## Exercise goal
Copy every line below where the string "part" is found.

::::::::

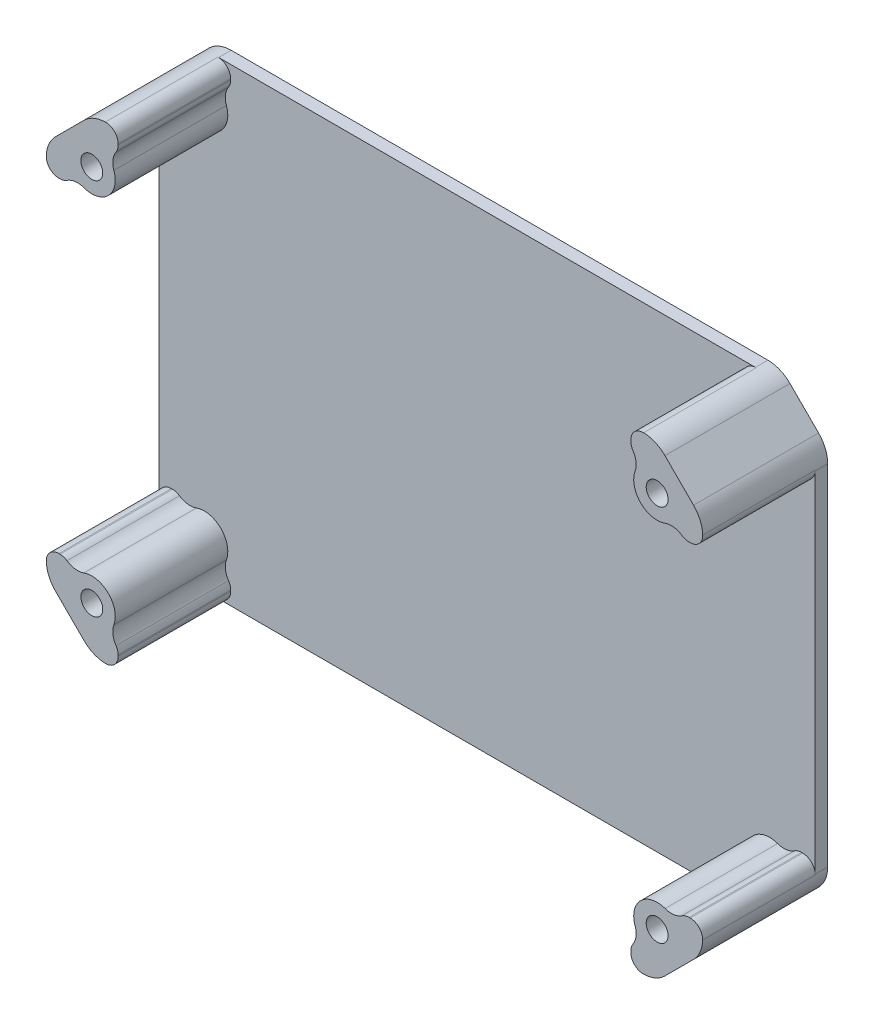
from build123d import *

# Parameters (mm, degrees)
EXTRUDE_1_DEPTH     = 20
SKETCH_2_R          = 1.75
CUT_EXTRUDE_1_DEPTH = 34
SHELL_1_T           = -2
FILLET_1_R          = 10
FILLET_2_R          = 3
FILLET_3_R          = 5
SKETCH_4_W          = 82
SKETCH_4_H          = 126.745531776
CUT_EXTRUDE_2_DEPTH = 18
FILLET_4_R          = 2
CUT_EXTRUDE_START   = -18
SKETCH_5_W          = 173.89587329
SKETCH_5_H          = 52
CUT_EXTRUDE_3_DEPTH = 18
FILLET_5_R          = 2


with BuildPart() as part:
    # Эскиз1 → Бобышка-Вытянуть1 (new body)
    with BuildSketch(Plane.XY):
        Polygon((-52.5, 30), (-45, 37.5), (45, 37.5), (52.5, 30), (52.5, -30), (45, -37.5), (-45, -37.5), (-52.5, -30), align=None)
    extrude(amount=EXTRUDE_1_DEPTH)

    # Эскиз2 → Вырез-Вытянуть1 (cut)
    with BuildSketch(Plane.XY.offset(20)):
        with Locations((-45.214466094, 30.214466094)):
            Circle(SKETCH_2_R)
        with Locations(Location((45.214466094, 30.214466094, 0), (0, 0, 180))):
            Circle(SKETCH_2_R)
        with Locations((45.214466094, -30.214466094)):
            Circle(SKETCH_2_R)
        with Locations(Location((-45.214466094, -30.214466094, 0), (0, 0, 180))):
            Circle(SKETCH_2_R)
    extrude(amount=-CUT_EXTRUDE_1_DEPTH, mode=Mode.SUBTRACT)

    # Оболочка1
    shell_1_openings = [part.faces().sort_by_distance(p)[0] for p in [
        (0, 0, 20),
    ]]
    offset(amount=SHELL_1_T, openings=shell_1_openings, kind=Kind.INTERSECTION)

    # Скругление1
    # the kernel refuses this fillet: 10 mm, written as the material it adds along each edge
    with BuildSketch(Plane(origin=(-45.74479618, -33.926776695, 2), x_dir=(0.7071067811865442, -0.7071067811865507, 0), z_dir=(0, 0, 1)), Plane(origin=(48.926776695, -30.74479618, 2), x_dir=(0.7071067811865482, 0.7071067811865467, 0), z_dir=(0, 0, 1)), Plane(origin=(45.74479618, 33.926776695, 2), x_dir=(-0.707106781186546, 0.7071067811865492, 0), z_dir=(0, 0, 1)), Plane(origin=(-48.926776695, 30.74479618, 2), x_dir=(-0.7071067811865508, -0.7071067811865444, 0), z_dir=(0, 0, 1))) as fillet_1_piece_1:
        with BuildLine():
            CenterArc((11.477032042, 3.794412555), FILLET_1_R, 183.312134334, 18.986942704)
            Line((1.493736012, 3.21665797), (1.294070091, 3.205102878))
            ThreePointArc((1.294070091, 3.205102878), (0.969771845, 1.504817982), (-0.12, 0.16))
            Line((-0.12, 0.16), (0, -0.2))
            ThreePointArc((0, -0.2), (1.112436867, -0.2), (2.039830568, -0.075888251))
            Line((2.039830568, -0.075888251), (2.224873734, 0))
        make_face()
    extrude(amount=18)
    with BuildSketch(Plane(origin=(-48.926776695, -30.74479618, 2), x_dir=(0.34351243985929386, 0.9391481265816991, 0), z_dir=(0, 0, 1)), Plane(origin=(45.74479618, -33.926776695, 2), x_dir=(-0.9391481265817004, 0.34351243985929, 0), z_dir=(0, 0, 1)), Plane(origin=(48.926776695, 30.74479618, 2), x_dir=(-0.3435124398592874, -0.9391481265817014, 0), z_dir=(0, 0, 1)), Plane(origin=(-45.74479618, 33.926776695, 2), x_dir=(0.9391481265817011, -0.34351243985928803, 0), z_dir=(0, 0, 1))) as fillet_1_piece_2:
        with BuildLine():
            CenterArc((8.275322434, 8.811292173), FILLET_1_R, 222.791938952, 18.986942704)
            Line((0.937067943, 2.017911495), (0.790302854, 1.882043882))
            ThreePointArc((0.790302854, 1.882043882), (0.287138375, 1.093191354), (-0.181395597, 0.084235607))
            Line((-0.181395597, 0.084235607), (0.094575114, -0.176225843))
            ThreePointArc((0.094575114, -0.176225843), (1.773283379, 0.245765435), (3.451991644, -0.176225843))
            Line((3.451991644, -0.176225843), (3.546566758, 0))
        make_face()
    extrude(amount=18)

    # Скругление2
    fillet_2_edges = [part.edges().sort_by_distance(p)[0] for p in [
        (-50.5, 29.171572875, 11),
        (-44.171572875, 35.5, 11),
        (-44.171572875, -35.5, 11),
        (-50.5, -29.171572875, 11),
        (44.171572875, -35.5, 11),
        (50.5, -29.171572875, 11),
        (50.5, 29.171572875, 11),
        (44.171572875, 35.5, 11),
    ]]
    fillet(fillet_2_edges, radius=FILLET_2_R)

    # Скругление3
    fillet_3_edges = [part.edges().sort_by_distance(p)[0] for p in [
        (45, 37.5, 10),
        (52.5, 30, 10),
        (52.5, -30, 10),
        (45, -37.5, 10),
        (-45, -37.5, 10),
        (-52.5, -30, 10),
        (-52.5, 30, 10),
        (-45, 37.5, 10),
    ]]
    fillet(fillet_3_edges, radius=FILLET_3_R)

    # Эскиз4 → Вырез-Вытянуть2 (cut)
    with BuildSketch(Plane.XY.offset(20)):
        Rectangle(SKETCH_4_W, SKETCH_4_H)
    extrude(amount=-CUT_EXTRUDE_2_DEPTH, mode=Mode.SUBTRACT)

    # Скругление4
    # the kernel refuses this fillet: 2 mm, written as the material it takes off along each edge
    with BuildSketch(Plane(origin=(41, -34.605706623, 2), x_dir=(0, -1, 0), z_dir=(0, 0, 1)), Plane(origin=(41, 34.605706623, 21.756559814), x_dir=(0, 1, 0), z_dir=(0, 0, -1))) as fillet_4_piece_1:
        with BuildLine():
            CenterArc((0.702623926, 2), FILLET_4_R, 235.828901177, 34.171098823)
            ThreePointArc((-0.420708294, 0.345272009), (-0.20250821, 0.18219615), (0, 0))
            Line((0, 0), (0.702623926, 0))
        make_face()
    extrude(amount=19.756559814, mode=Mode.SUBTRACT)
    with BuildSketch(Plane(origin=(41, -37.5, 25.118447555), x_dir=(0.9999997651545144, 0.0006853400003404547, 0), z_dir=(0, 0, -1)), Plane(origin=(-41, -37.5, 2), x_dir=(-0.9999997651545144, 0.0006853400003439418, 0), z_dir=(0, 0, 1)), Plane(origin=(41, 37.5, 2), x_dir=(0.9999997651545144, -0.0006853400003439394, 0), z_dir=(0, 0, 1))) as fillet_4_piece_2:
        with BuildLine():
            CenterArc((2.001370787, -1.999470741), FILLET_4_R, 88.681844886, 91.357422207)
            Line((0.001371257, -2.000841421), (-0.198628696, -2.000978489))
            Line((-0.198628696, -2.000978489), (-0.199999953, -0.000137068))
            Line((-0.199999953, -0.000137068), (-0.000137068, 0.199999953))
            ThreePointArc((-0.000137068, 0.199999953), (1.928794667, 0.201321927), (2.051979846, 0.199947074))
            Line((2.051979846, 0.199947074), (2.047379022, 0))
        make_face()
    extrude(amount=23.118447555, mode=Mode.SUBTRACT)
    with BuildSketch(Plane(origin=(-41, -34.605706623, 2), x_dir=(0, -1, 0), z_dir=(0, 0, 1))) as fillet_4_piece_3:
        with BuildLine():
            CenterArc((0.702623926, -2), FILLET_4_R, 90, 34.171098823)
            ThreePointArc((-0.420708294, -0.345272009), (-0.20250821, -0.18219615), (0, 0))
            Line((0, 0), (0.702623926, 0))
        make_face()
    extrude(amount=19.756559814, mode=Mode.SUBTRACT)
    with BuildSketch(Plane(origin=(-41, 34.605706623, 21.756559814), x_dir=(-0.6343994710236062, -0.7730053758965514, 0), z_dir=(0, 0, -1))) as fillet_4_piece_4:
        with BuildLine():
            CenterArc((0.72566687, 1.991754999), FILLET_4_R, 230.624541426, 34.171098823)
            Line((-0.543132072, 0.445744247), (0, 0))
            ThreePointArc((0, 0), (0.272125076, 0.012367502), (0.544250153, 0))
        make_face()
    extrude(amount=19.756559814, mode=Mode.SUBTRACT)
    with BuildSketch(Plane(origin=(-41, 37.5, 25.118447555), x_dir=(0, -1, 0), z_dir=(0, 0, -1))) as fillet_4_piece_5:
        with BuildLine():
            CenterArc((2.00084189, 2), FILLET_4_R, 178.642577793, 91.357422207)
            Line((0.001403151, 2.047378541), (-0.198540723, 2.052116395))
            ThreePointArc((-0.198540723, 2.052116395), (-0.2, 1.928932188), (-0.2, 0))
            Line((-0.2, 0), (0, -0.2))
            Line((0, -0.2), (2.00084189, -0.2))
            Line((2.00084189, -0.2), (2.00084189, 0))
        make_face()
    extrude(amount=23.118447555, mode=Mode.SUBTRACT)

    # Эскиз5 → Вырез-Вытянуть3 (cut)
    with BuildSketch(Plane.XY.offset(20).offset(CUT_EXTRUDE_START)):
        Rectangle(SKETCH_5_W, SKETCH_5_H)
    extrude(amount=CUT_EXTRUDE_3_DEPTH, mode=Mode.SUBTRACT)

    # Скругление5
    # the kernel refuses this fillet: 2 mm, written as the material it takes off along each edge
    with BuildSketch(Plane(origin=(49.605706623, -26, 21.756559814), x_dir=(1, 0, 0), z_dir=(0, 0, -1)), Plane(origin=(-49.605706623, -26, 2), x_dir=(-1, 0, 0), z_dir=(0, 0, 1))) as fillet_5_piece_1:
        with BuildLine():
            CenterArc((0.702623926, 2), FILLET_5_R, 235.828901177, 34.171098823)
            ThreePointArc((-0.420708294, 0.345272009), (-0.20250821, 0.18219615), (0, 0))
            Line((0, 0), (0.702623926, 0))
        make_face()
    extrude(amount=19.756559814, mode=Mode.SUBTRACT)
    with BuildSketch(Plane(origin=(52.5, -26, 25.118447555), x_dir=(-0.0006853400003439216, -0.9999997651545144, 0), z_dir=(0, 0, -1)), Plane(origin=(52.5, 26, 2), x_dir=(-0.0006853400003439287, 0.9999997651545144, 0), z_dir=(0, 0, 1)), Plane(origin=(-52.5, -26, 2), x_dir=(0.0006853400003439322, -0.9999997651545144, 0), z_dir=(0, 0, 1)), Plane(origin=(-52.5, 26, 25.118447555), x_dir=(0.0006853400003439264, 0.9999997651545144, 0), z_dir=(0, 0, -1))) as fillet_5_piece_2:
        with BuildLine():
            CenterArc((2.001370787, 1.999470741), FILLET_5_R, 179.960732907, 91.357422207)
            Line((0.001371257, 2.000841421), (-0.198628696, 2.000978489))
            Line((-0.198628696, 2.000978489), (-0.199999953, 0.000137068))
            Line((-0.199999953, 0.000137068), (-0.000137068, -0.199999953))
            ThreePointArc((-0.000137068, -0.199999953), (1.928794667, -0.201321927), (2.051979846, -0.199947074))
            Line((2.051979846, -0.199947074), (2.047379022, 0))
        make_face()
    extrude(amount=23.118447555, mode=Mode.SUBTRACT)
    with BuildSketch(Plane(origin=(49.605706623, 26, 21.756559814), x_dir=(-0.7730053758965525, 0.6343994710236047, 1.8308445150644594e-15), z_dir=(0, 0, -1))) as fillet_5_piece_3:
        with BuildLine():
            CenterArc((0.72566687, 1.991754999), FILLET_5_R, 230.624541426, 34.171098823)
            Line((-0.543132072, 0.445744247), (0, 0))
            ThreePointArc((0, 0), (0.272125076, 0.012367502), (0.544250153, 0))
        make_face()
    extrude(amount=19.756559814, mode=Mode.SUBTRACT)
    with BuildSketch(Plane(origin=(-49.605706623, 26, 2), x_dir=(-1, 0, 0), z_dir=(0, 0, 1))) as fillet_5_piece_4:
        with BuildLine():
            CenterArc((0.702623926, -2), FILLET_5_R, 90, 34.171098823)
            ThreePointArc((-0.420708294, -0.345272009), (-0.20250821, -0.18219615), (0, 0))
            Line((0, 0), (0.702623926, 0))
        make_face()
    extrude(amount=19.756559814, mode=Mode.SUBTRACT)


solid = part.part

::::::::

## Written response
with BuildPart() as part:
    shell_1_openings = [part.faces().sort_by_distance(p)[0] for p in [
    fillet_2_edges = [part.edges().sort_by_distance(p)[0] for p in [
    fillet_3_edges = [part.edges().sort_by_distance(p)[0] for p in [
solid = part.part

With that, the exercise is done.